For minor burns, HBOT is not standard. For severe burns at a verified burn center, ask the surgeon whether HBOT is part of the plan.
Related Reading
- HBOT for radiation tissue damage oncology review
- UHMS-accredited HBOT facilities: what certification means
- FDA-cleared hyperbaric chambers complete list
- Best pediatric HBOT chambers for young patients
- HBOT 40-session protocol: why it's the standard
Frequently asked questions
Is HBOT FDA-approved for burns?
Yes. Acute thermal burns are one of the 13 FDA-approved HBOT indications. The Undersea and Hyperbaric Medical Society lists it as a Level 2 indication.
Does insurance cover HBOT for burns?
Medicare covers it for acute thermal burns under LCD L33718. Most commercial insurers follow Medicare. For inpatient burn admissions, HBOT is usually bundled into the hospital stay.
How many HBOT sessions are needed for a burn?
Most published protocols run 20 to 40 sessions for moderate-to-severe burns. The schedule is typically twice-daily for the first few days, then daily.
Can I get HBOT for a minor burn at a wellness clinic?
That is not the standard of care. Minor burns heal with topical treatment. HBOT for burns is delivered at hospital burn centers under surgical oversight, not at wellness clinics.

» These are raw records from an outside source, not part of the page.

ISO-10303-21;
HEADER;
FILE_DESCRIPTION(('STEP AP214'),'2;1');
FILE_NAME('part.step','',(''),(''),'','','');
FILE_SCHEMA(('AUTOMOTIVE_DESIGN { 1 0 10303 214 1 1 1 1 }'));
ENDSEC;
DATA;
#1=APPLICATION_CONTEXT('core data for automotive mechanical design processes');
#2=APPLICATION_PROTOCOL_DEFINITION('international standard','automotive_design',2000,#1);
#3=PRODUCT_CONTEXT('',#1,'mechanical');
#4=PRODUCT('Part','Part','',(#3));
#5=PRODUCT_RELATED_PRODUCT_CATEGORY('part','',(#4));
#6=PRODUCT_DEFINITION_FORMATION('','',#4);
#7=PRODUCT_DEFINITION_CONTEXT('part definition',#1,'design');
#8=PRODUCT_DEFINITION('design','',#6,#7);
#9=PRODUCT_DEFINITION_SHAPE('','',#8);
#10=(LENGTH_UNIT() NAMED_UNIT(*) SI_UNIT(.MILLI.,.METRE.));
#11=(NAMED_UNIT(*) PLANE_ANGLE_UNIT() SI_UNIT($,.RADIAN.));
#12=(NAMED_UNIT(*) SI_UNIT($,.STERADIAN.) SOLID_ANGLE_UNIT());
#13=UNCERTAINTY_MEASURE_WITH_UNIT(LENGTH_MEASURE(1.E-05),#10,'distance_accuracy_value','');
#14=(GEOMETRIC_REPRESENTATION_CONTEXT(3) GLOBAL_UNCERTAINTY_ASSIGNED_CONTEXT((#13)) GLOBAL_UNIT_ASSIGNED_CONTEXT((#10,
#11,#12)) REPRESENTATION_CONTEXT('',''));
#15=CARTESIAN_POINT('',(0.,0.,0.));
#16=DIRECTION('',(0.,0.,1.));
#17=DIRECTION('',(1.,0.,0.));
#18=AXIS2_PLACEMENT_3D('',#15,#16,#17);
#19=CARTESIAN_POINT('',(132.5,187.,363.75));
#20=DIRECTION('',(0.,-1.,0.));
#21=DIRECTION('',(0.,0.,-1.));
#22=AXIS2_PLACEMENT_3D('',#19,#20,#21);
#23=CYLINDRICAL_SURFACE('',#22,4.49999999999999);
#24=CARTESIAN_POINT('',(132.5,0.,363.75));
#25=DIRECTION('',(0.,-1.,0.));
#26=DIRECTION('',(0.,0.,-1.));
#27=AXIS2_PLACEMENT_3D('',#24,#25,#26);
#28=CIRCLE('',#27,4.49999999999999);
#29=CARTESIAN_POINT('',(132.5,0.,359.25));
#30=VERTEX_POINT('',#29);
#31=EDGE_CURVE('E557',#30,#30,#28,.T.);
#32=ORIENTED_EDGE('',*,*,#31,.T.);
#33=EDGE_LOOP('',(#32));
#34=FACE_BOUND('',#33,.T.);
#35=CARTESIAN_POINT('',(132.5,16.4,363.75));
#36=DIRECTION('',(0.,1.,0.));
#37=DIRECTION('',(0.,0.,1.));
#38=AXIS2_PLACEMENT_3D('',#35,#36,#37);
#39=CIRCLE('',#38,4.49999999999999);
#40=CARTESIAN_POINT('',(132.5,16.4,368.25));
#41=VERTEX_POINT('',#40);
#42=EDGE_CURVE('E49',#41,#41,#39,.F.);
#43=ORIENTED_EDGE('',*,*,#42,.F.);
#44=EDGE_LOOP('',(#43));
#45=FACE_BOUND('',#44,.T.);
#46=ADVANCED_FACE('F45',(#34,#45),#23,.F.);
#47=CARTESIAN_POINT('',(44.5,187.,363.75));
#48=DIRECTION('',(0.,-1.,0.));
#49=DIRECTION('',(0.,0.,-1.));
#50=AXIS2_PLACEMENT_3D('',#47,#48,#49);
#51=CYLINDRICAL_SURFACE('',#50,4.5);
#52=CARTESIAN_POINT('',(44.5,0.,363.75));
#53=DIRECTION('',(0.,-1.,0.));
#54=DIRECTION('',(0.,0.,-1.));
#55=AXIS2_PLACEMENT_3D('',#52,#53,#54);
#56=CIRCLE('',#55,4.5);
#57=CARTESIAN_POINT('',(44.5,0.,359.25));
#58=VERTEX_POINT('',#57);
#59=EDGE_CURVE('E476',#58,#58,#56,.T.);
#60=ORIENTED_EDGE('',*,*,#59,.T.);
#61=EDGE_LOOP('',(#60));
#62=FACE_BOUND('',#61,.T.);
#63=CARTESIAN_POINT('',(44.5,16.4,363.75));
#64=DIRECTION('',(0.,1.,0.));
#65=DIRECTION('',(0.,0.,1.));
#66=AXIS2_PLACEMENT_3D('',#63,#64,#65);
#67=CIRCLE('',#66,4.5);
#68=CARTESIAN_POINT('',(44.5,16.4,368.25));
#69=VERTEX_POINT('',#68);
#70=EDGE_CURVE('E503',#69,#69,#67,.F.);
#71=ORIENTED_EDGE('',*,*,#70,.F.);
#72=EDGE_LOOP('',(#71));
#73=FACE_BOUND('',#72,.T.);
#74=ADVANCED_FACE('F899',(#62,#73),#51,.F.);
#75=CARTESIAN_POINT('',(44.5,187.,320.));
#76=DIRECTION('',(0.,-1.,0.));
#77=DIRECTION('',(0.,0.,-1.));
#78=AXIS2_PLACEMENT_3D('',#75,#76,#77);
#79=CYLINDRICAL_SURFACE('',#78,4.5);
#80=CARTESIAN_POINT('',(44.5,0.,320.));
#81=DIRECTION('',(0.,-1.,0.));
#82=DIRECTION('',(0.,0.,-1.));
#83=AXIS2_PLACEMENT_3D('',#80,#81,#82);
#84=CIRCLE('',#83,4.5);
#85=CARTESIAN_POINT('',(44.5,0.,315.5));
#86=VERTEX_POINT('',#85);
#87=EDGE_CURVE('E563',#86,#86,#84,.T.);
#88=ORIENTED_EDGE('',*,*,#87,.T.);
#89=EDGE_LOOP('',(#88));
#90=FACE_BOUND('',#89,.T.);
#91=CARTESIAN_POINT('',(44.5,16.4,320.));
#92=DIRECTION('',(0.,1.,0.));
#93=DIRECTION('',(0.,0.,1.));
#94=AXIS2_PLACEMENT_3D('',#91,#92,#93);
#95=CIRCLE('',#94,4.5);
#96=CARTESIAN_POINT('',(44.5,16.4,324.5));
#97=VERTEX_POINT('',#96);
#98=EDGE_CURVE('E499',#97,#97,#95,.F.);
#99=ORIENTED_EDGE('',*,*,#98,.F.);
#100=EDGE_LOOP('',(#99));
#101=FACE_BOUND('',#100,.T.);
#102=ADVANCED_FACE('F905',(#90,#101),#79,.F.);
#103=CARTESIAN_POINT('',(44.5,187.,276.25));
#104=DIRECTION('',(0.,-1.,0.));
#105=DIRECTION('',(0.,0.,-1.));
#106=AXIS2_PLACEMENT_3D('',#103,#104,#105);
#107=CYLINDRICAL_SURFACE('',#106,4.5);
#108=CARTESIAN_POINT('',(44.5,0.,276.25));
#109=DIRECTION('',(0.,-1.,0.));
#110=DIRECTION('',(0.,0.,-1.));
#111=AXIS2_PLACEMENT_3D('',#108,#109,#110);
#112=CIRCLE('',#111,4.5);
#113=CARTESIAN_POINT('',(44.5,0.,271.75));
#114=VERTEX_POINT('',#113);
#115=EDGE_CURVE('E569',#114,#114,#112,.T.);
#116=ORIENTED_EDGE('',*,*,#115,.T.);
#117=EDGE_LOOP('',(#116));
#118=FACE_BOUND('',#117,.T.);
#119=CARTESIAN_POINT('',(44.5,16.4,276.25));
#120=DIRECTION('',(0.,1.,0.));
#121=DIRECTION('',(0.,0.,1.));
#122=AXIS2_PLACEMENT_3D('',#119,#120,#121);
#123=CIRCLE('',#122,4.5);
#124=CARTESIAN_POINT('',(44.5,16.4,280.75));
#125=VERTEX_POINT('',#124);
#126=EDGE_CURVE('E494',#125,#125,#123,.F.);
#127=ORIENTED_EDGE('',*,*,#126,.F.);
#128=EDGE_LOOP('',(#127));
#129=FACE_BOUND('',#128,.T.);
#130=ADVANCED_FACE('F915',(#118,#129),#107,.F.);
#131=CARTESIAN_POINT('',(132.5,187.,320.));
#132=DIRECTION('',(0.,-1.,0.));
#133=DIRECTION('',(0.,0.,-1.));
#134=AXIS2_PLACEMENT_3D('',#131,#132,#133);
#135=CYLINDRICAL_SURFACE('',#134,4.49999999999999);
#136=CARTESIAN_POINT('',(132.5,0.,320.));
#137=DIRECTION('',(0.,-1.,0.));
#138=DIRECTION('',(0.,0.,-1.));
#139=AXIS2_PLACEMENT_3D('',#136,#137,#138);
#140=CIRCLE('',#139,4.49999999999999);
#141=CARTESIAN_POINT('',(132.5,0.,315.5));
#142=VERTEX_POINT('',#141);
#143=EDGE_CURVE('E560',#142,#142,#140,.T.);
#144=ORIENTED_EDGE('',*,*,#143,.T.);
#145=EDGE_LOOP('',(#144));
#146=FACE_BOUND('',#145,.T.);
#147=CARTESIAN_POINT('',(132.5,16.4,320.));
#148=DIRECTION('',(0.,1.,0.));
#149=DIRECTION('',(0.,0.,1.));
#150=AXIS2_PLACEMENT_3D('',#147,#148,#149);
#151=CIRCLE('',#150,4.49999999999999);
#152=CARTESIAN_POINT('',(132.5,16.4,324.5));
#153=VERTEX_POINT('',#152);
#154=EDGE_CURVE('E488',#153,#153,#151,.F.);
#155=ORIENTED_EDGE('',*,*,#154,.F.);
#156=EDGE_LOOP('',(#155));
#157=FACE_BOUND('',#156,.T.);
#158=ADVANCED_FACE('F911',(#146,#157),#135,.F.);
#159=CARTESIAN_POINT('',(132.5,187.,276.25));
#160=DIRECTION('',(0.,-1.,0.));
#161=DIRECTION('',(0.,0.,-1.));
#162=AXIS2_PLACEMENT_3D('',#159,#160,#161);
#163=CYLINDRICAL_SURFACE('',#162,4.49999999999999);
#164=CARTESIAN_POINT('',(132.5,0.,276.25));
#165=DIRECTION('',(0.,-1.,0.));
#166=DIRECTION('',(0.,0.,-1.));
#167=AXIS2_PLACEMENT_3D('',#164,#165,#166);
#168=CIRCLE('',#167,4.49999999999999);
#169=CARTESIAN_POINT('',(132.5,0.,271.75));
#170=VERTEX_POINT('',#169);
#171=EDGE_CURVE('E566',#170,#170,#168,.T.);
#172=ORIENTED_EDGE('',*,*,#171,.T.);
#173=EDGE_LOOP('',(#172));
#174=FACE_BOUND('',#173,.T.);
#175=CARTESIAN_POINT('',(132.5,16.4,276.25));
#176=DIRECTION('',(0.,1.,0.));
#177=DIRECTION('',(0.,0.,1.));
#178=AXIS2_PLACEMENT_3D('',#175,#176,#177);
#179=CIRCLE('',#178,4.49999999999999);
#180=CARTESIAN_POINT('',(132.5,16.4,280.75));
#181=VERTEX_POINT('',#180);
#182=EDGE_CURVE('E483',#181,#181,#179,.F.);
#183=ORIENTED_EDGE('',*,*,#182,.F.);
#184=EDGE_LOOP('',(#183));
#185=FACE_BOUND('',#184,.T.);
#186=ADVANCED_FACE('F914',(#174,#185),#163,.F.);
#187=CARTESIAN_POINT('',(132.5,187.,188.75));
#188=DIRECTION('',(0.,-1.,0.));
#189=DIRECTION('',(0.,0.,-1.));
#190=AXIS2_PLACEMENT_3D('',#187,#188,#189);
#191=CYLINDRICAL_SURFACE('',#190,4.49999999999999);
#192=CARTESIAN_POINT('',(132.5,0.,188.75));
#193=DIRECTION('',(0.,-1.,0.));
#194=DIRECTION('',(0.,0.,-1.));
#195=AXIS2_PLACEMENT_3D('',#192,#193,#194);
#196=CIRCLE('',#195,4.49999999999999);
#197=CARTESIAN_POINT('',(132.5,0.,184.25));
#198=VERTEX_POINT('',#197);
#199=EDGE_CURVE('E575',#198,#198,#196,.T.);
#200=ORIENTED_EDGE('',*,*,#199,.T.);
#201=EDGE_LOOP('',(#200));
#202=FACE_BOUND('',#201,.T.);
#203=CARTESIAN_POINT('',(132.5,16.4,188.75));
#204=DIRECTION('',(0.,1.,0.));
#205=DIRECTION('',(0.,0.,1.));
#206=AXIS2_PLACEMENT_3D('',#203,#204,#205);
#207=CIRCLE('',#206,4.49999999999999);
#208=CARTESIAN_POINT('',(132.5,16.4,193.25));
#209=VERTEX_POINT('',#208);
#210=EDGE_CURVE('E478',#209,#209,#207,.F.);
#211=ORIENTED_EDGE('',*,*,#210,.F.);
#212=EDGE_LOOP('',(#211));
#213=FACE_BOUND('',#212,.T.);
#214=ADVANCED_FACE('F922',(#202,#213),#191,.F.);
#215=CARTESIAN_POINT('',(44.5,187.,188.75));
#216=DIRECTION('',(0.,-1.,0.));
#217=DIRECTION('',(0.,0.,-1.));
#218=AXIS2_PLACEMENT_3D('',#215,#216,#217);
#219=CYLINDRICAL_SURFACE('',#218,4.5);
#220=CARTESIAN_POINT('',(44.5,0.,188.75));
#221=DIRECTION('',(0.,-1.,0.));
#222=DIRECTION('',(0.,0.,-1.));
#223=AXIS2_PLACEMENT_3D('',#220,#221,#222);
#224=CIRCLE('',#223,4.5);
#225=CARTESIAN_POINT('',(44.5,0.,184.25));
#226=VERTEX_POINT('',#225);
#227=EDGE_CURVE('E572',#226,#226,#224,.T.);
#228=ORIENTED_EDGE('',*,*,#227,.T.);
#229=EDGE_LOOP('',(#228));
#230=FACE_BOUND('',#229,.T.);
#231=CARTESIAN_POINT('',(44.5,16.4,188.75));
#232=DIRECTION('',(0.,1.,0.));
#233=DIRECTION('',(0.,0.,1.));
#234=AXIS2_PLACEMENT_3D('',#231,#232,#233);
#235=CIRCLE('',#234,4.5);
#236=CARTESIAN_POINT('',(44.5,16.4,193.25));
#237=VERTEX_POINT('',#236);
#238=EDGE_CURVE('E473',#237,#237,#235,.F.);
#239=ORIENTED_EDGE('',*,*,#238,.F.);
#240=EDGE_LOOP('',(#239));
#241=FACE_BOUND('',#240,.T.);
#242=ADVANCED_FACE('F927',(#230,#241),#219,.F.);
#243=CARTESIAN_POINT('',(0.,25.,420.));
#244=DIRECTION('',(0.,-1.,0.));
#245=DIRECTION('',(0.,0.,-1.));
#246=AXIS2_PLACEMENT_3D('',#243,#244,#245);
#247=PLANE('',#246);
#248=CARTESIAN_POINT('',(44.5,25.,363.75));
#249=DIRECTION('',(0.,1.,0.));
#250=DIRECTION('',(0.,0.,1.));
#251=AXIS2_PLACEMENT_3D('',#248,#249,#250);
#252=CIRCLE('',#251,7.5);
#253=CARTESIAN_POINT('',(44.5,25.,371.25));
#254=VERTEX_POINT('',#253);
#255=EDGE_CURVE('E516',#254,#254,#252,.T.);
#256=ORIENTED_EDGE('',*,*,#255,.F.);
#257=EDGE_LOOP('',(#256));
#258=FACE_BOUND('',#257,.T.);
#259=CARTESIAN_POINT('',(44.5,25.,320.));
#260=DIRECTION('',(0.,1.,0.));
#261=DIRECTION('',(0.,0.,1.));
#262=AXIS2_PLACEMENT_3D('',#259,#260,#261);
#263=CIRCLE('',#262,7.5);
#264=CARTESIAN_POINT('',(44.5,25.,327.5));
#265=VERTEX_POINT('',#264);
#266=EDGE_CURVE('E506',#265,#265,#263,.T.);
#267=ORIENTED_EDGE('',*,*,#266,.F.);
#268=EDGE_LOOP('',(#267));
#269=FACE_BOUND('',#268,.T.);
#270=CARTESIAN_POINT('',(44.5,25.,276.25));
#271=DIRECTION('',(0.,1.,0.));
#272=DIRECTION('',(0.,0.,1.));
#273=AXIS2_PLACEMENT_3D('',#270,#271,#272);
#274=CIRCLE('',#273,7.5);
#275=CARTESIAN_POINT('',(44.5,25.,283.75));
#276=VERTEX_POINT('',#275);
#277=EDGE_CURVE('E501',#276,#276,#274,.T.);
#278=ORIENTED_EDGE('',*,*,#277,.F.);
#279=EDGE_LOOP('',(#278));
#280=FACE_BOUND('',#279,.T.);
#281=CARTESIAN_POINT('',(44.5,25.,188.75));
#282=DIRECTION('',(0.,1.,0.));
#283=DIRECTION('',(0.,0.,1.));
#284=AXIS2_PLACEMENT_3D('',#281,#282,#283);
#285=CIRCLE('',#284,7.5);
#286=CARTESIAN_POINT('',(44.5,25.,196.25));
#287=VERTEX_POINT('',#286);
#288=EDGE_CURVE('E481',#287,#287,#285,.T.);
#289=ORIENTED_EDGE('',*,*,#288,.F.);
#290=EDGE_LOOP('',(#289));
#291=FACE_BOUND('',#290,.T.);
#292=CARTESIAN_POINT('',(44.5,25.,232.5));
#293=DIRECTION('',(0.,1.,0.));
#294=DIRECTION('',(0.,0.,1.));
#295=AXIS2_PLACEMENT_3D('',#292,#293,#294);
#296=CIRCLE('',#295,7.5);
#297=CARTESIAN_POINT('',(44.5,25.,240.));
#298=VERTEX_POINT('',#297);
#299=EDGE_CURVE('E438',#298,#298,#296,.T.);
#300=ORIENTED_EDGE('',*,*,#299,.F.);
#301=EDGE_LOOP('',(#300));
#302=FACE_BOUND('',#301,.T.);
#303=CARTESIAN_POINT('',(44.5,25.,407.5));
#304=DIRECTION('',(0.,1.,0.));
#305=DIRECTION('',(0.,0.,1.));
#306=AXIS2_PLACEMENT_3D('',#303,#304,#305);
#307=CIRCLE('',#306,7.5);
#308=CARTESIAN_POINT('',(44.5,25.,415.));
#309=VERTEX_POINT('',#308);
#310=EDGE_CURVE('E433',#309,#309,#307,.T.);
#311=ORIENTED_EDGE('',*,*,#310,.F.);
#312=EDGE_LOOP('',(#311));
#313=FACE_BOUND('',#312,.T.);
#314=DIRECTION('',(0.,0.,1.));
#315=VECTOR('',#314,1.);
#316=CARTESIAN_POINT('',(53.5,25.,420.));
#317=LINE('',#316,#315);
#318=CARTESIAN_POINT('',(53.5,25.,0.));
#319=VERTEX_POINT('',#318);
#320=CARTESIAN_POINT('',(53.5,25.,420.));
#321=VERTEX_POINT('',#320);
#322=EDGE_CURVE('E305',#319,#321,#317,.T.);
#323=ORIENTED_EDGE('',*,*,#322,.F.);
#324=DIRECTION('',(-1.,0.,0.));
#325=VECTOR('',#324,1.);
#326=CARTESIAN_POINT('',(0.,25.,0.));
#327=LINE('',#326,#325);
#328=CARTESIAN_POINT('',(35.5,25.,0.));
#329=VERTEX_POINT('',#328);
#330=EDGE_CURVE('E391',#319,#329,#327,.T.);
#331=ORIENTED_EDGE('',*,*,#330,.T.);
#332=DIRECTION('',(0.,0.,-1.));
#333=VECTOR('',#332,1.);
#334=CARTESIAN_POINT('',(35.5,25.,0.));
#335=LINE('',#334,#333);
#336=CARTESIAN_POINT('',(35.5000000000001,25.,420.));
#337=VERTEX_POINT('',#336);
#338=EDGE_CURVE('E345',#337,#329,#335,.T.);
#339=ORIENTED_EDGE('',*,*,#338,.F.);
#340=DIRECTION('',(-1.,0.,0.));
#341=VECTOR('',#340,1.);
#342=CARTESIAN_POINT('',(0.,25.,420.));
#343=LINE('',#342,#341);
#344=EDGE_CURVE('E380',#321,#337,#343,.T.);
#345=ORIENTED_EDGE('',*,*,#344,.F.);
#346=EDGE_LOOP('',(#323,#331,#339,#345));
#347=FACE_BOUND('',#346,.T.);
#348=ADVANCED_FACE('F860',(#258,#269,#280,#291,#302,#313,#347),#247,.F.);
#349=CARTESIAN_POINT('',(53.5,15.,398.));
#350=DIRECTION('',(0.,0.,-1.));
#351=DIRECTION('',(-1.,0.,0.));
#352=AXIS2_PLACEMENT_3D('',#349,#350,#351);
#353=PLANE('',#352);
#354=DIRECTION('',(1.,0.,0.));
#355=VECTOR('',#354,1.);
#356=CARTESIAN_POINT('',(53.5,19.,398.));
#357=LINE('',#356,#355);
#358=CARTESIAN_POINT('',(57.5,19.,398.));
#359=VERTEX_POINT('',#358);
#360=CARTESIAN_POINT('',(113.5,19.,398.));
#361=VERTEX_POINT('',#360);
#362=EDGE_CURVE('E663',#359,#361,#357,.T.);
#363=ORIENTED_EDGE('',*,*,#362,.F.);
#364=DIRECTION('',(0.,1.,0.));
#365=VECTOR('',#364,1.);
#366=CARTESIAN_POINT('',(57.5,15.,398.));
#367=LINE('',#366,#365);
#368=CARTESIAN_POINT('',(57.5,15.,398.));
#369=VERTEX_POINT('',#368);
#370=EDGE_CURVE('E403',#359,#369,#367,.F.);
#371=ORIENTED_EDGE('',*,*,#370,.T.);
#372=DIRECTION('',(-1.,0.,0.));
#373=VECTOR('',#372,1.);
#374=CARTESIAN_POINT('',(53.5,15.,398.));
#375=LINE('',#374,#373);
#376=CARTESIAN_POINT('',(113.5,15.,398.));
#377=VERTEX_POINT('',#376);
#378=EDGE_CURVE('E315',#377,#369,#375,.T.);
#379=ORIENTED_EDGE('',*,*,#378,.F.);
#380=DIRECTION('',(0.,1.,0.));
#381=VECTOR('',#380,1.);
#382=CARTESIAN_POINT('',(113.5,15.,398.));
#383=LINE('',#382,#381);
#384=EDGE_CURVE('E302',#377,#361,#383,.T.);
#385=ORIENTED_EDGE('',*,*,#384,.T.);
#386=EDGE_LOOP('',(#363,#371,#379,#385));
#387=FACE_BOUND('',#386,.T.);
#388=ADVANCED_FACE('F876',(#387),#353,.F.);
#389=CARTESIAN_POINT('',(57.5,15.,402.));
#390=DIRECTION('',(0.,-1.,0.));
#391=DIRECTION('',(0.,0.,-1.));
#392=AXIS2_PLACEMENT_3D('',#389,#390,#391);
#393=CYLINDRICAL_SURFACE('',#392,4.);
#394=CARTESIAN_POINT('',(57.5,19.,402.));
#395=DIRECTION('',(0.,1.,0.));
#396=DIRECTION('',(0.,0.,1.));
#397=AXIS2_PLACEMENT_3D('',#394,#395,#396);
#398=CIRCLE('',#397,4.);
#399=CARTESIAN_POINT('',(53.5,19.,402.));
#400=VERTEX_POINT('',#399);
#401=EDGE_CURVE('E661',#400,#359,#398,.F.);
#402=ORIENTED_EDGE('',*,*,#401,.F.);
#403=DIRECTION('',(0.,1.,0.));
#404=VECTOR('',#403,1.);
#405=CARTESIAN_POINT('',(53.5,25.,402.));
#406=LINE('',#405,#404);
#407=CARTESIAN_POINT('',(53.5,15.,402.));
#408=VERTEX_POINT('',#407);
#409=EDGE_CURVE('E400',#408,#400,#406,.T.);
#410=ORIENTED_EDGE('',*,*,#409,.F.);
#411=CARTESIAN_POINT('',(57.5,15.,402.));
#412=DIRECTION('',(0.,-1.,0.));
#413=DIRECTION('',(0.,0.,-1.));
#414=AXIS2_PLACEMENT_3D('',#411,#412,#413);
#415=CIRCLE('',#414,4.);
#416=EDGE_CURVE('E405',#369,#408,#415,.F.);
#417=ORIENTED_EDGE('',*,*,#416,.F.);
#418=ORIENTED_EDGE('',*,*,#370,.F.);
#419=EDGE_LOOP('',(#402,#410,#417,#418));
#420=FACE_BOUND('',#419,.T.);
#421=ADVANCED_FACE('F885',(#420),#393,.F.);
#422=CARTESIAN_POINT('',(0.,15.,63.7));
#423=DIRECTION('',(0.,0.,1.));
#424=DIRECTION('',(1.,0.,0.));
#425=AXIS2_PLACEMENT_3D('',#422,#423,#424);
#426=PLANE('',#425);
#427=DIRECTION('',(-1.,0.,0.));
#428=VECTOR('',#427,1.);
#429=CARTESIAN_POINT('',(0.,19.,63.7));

Which US burn centers offer HBOT?
Roughly a third of ABA-verified burn centers have on-site HBOT. Brooke Army Medical Center, MedStar Washington Hospital Center, and several Shriners Hospitals are major examples. The ABA verified center list shows them.
Medical disclaimer: This article is informational and does not constitute medical advice. HBOT carries real risks including ear barotrauma, oxygen toxicity, and chamber fire. Burn care is delivered by trained burn surgeons. The FDA has cleared HBOT for acute thermal burns as an adjunct to standard burn care, not as a stand-alone treatment.